§ **About this task**
Please write out all of the data below exactly, without including the pictures.

§ **Supplied data**
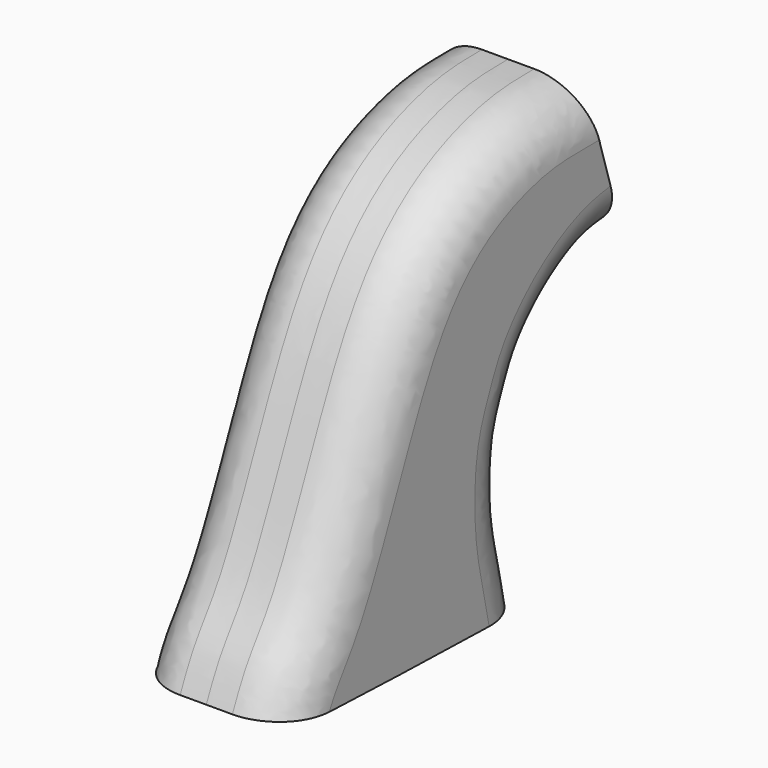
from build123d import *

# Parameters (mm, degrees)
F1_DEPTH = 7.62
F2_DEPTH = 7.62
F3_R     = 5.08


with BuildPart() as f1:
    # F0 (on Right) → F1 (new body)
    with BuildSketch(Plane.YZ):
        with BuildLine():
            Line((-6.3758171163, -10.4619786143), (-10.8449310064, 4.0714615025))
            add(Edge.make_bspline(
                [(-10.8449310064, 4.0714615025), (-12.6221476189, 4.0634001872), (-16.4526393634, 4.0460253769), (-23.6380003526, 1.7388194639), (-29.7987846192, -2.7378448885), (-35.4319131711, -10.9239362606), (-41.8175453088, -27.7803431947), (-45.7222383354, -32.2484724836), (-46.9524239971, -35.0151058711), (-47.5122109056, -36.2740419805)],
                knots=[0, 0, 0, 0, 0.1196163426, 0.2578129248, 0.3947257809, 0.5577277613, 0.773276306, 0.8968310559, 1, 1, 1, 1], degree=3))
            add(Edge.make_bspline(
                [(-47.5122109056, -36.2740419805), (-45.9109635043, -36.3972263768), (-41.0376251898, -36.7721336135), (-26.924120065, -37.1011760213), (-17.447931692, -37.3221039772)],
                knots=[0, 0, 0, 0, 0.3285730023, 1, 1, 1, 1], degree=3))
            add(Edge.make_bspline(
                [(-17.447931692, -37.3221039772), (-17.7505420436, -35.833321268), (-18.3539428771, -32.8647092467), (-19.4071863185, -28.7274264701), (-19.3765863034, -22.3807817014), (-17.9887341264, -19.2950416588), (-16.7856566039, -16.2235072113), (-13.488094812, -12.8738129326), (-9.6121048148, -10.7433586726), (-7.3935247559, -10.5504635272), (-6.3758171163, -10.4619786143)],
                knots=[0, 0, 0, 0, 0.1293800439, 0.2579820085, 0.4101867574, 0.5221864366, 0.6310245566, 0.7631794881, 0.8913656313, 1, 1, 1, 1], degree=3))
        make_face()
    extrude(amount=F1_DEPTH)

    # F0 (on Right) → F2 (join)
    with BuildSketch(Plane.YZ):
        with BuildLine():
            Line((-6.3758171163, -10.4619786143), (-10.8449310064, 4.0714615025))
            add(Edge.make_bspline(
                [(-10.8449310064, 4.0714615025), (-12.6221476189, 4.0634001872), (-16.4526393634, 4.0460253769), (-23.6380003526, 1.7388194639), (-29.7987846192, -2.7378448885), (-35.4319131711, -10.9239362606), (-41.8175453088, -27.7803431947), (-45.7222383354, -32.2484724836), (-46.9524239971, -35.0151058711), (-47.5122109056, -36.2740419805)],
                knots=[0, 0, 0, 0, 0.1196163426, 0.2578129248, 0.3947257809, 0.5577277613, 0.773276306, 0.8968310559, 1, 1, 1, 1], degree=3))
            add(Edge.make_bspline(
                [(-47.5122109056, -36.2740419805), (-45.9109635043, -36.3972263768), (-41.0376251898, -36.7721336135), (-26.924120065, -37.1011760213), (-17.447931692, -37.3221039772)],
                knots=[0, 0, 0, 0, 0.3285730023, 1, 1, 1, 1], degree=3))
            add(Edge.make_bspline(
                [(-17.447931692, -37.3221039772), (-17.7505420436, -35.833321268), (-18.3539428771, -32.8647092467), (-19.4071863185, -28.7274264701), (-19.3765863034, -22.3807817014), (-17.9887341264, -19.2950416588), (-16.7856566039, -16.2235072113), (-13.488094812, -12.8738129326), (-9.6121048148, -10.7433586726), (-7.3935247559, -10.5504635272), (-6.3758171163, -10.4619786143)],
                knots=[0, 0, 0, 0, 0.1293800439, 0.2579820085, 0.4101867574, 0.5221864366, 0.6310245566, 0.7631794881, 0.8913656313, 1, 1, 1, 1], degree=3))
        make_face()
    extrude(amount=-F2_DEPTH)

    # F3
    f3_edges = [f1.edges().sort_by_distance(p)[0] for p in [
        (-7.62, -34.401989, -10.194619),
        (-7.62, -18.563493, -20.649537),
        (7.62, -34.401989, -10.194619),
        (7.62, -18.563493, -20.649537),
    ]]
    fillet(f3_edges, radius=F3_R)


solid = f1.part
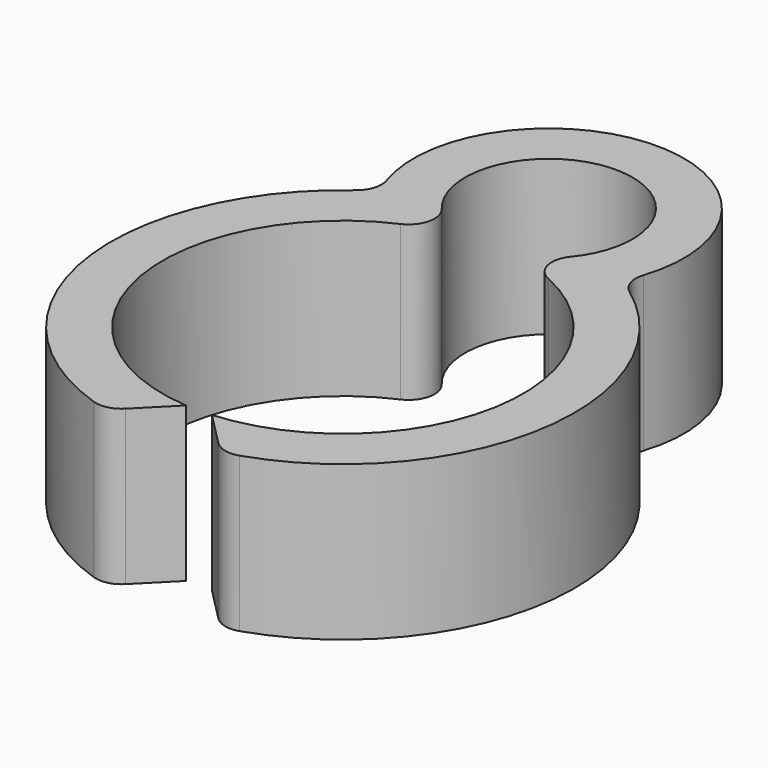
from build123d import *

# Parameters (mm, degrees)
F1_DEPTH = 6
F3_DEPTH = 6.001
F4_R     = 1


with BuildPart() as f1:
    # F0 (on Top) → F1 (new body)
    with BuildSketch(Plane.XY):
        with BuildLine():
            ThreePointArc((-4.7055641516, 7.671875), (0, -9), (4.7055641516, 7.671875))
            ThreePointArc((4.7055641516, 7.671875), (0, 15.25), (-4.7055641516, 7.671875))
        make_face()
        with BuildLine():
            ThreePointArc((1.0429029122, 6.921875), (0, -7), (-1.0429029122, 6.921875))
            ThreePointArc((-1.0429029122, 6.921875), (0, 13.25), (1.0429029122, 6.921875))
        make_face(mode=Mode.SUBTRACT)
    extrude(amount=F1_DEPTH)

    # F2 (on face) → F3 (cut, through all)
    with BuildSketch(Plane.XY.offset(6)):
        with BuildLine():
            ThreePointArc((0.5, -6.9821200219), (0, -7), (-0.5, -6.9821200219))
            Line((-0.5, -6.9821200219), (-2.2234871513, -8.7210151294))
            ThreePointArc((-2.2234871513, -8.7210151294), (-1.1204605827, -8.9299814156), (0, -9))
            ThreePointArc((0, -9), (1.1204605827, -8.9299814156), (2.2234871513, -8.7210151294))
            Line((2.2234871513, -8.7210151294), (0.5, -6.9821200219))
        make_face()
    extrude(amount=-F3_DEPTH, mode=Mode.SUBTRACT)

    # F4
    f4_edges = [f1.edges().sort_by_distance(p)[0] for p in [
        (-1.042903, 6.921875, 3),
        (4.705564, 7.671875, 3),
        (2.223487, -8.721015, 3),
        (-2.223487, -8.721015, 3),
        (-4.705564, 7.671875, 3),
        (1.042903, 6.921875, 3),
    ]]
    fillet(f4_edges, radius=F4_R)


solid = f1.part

§ **Response to the exercise**
from build123d import *

# Parameters (mm, degrees)
F1_DEPTH = 7.62
F2_DEPTH = 7.62
F3_R     = 5.08


with BuildPart() as f1:
    # F0 (on Right) → F1 (new body)
    with BuildSketch(Plane.YZ):
        with BuildLine():
            Line((-6.3758171163, -10.4619786143), (-10.8449310064, 4.0714615025))
            add(Edge.make_bspline(
                [(-10.8449310064, 4.0714615025), (-12.6221476189, 4.0634001872), (-16.4526393634, 4.0460253769), (-23.6380003526, 1.7388194639), (-29.7987846192, -2.7378448885), (-35.4319131711, -10.9239362606), (-41.8175453088, -27.7803431947), (-45.7222383354, -32.2484724836), (-46.9524239971, -35.0151058711), (-47.5122109056, -36.2740419805)],
                knots=[0, 0, 0, 0, 0.1196163426, 0.2578129248, 0.3947257809, 0.5577277613, 0.773276306, 0.8968310559, 1, 1, 1, 1], degree=3))
            add(Edge.make_bspline(
                [(-47.5122109056, -36.2740419805), (-45.9109635043, -36.3972263768), (-41.0376251898, -36.7721336135), (-26.924120065, -37.1011760213), (-17.447931692, -37.3221039772)],
                knots=[0, 0, 0, 0, 0.3285730023, 1, 1, 1, 1], degree=3))
            add(Edge.make_bspline(
                [(-17.447931692, -37.3221039772), (-17.7505420436, -35.833321268), (-18.3539428771, -32.8647092467), (-19.4071863185, -28.7274264701), (-19.3765863034, -22.3807817014), (-17.9887341264, -19.2950416588), (-16.7856566039, -16.2235072113), (-13.488094812, -12.8738129326), (-9.6121048148, -10.7433586726), (-7.3935247559, -10.5504635272), (-6.3758171163, -10.4619786143)],
                knots=[0, 0, 0, 0, 0.1293800439, 0.2579820085, 0.4101867574, 0.5221864366, 0.6310245566, 0.7631794881, 0.8913656313, 1, 1, 1, 1], degree=3))
        make_face()
    extrude(amount=F1_DEPTH)

    # F0 (on Right) → F2 (join)
    with BuildSketch(Plane.YZ):
        with BuildLine():
            Line((-6.3758171163, -10.4619786143), (-10.8449310064, 4.0714615025))
            add(Edge.make_bspline(
                [(-10.8449310064, 4.0714615025), (-12.6221476189, 4.0634001872), (-16.4526393634, 4.0460253769), (-23.6380003526, 1.7388194639), (-29.7987846192, -2.7378448885), (-35.4319131711, -10.9239362606), (-41.8175453088, -27.7803431947), (-45.7222383354, -32.2484724836), (-46.9524239971, -35.0151058711), (-47.5122109056, -36.2740419805)],
                knots=[0, 0, 0, 0, 0.1196163426, 0.2578129248, 0.3947257809, 0.5577277613, 0.773276306, 0.8968310559, 1, 1, 1, 1], degree=3))
            add(Edge.make_bspline(
                [(-47.5122109056, -36.2740419805), (-45.9109635043, -36.3972263768), (-41.0376251898, -36.7721336135), (-26.924120065, -37.1011760213), (-17.447931692, -37.3221039772)],
                knots=[0, 0, 0, 0, 0.3285730023, 1, 1, 1, 1], degree=3))
            add(Edge.make_bspline(
                [(-17.447931692, -37.3221039772), (-17.7505420436, -35.833321268), (-18.3539428771, -32.8647092467), (-19.4071863185, -28.7274264701), (-19.3765863034, -22.3807817014), (-17.9887341264, -19.2950416588), (-16.7856566039, -16.2235072113), (-13.488094812, -12.8738129326), (-9.6121048148, -10.7433586726), (-7.3935247559, -10.5504635272), (-6.3758171163, -10.4619786143)],
                knots=[0, 0, 0, 0, 0.1293800439, 0.2579820085, 0.4101867574, 0.5221864366, 0.6310245566, 0.7631794881, 0.8913656313, 1, 1, 1, 1], degree=3))
        make_face()
    extrude(amount=-F2_DEPTH)

    # F3
    f3_edges = [f1.edges().sort_by_distance(p)[0] for p in [
        (-7.62, -34.401989, -10.194619),
        (-7.62, -18.563493, -20.649537),
        (7.62, -34.401989, -10.194619),
        (7.62, -18.563493, -20.649537),
    ]]
    fillet(f3_edges, radius=F3_R)


solid = f1.part
from build123d import *

# Parameters (mm, degrees)
F1_DEPTH = 6
F3_DEPTH = 6.001
F4_R     = 1


with BuildPart() as f1:
    # F0 (on Top) → F1 (new body)
    with BuildSketch(Plane.XY):
        with BuildLine():
            ThreePointArc((-4.7055641516, 7.671875), (0, -9), (4.7055641516, 7.671875))
            ThreePointArc((4.7055641516, 7.671875), (0, 15.25), (-4.7055641516, 7.671875))
        make_face()
        with BuildLine():
            ThreePointArc((1.0429029122, 6.921875), (0, -7), (-1.0429029122, 6.921875))
            ThreePointArc((-1.0429029122, 6.921875), (0, 13.25), (1.0429029122, 6.921875))
        make_face(mode=Mode.SUBTRACT)
    extrude(amount=F1_DEPTH)

    # F2 (on face) → F3 (cut, through all)
    with BuildSketch(Plane.XY.offset(6)):
        with BuildLine():
            ThreePointArc((0.5, -6.9821200219), (0, -7), (-0.5, -6.9821200219))
            Line((-0.5, -6.9821200219), (-2.2234871513, -8.7210151294))
            ThreePointArc((-2.2234871513, -8.7210151294), (-1.1204605827, -8.9299814156), (0, -9))
            ThreePointArc((0, -9), (1.1204605827, -8.9299814156), (2.2234871513, -8.7210151294))
            Line((2.2234871513, -8.7210151294), (0.5, -6.9821200219))
        make_face()
    extrude(amount=-F3_DEPTH, mode=Mode.SUBTRACT)

    # F4
    f4_edges = [f1.edges().sort_by_distance(p)[0] for p in [
        (-1.042903, 6.921875, 3),
        (4.705564, 7.671875, 3),
        (2.223487, -8.721015, 3),
        (-2.223487, -8.721015, 3),
        (-4.705564, 7.671875, 3),
        (1.042903, 6.921875, 3),
    ]]
    fillet(f4_edges, radius=F4_R)


solid = f1.part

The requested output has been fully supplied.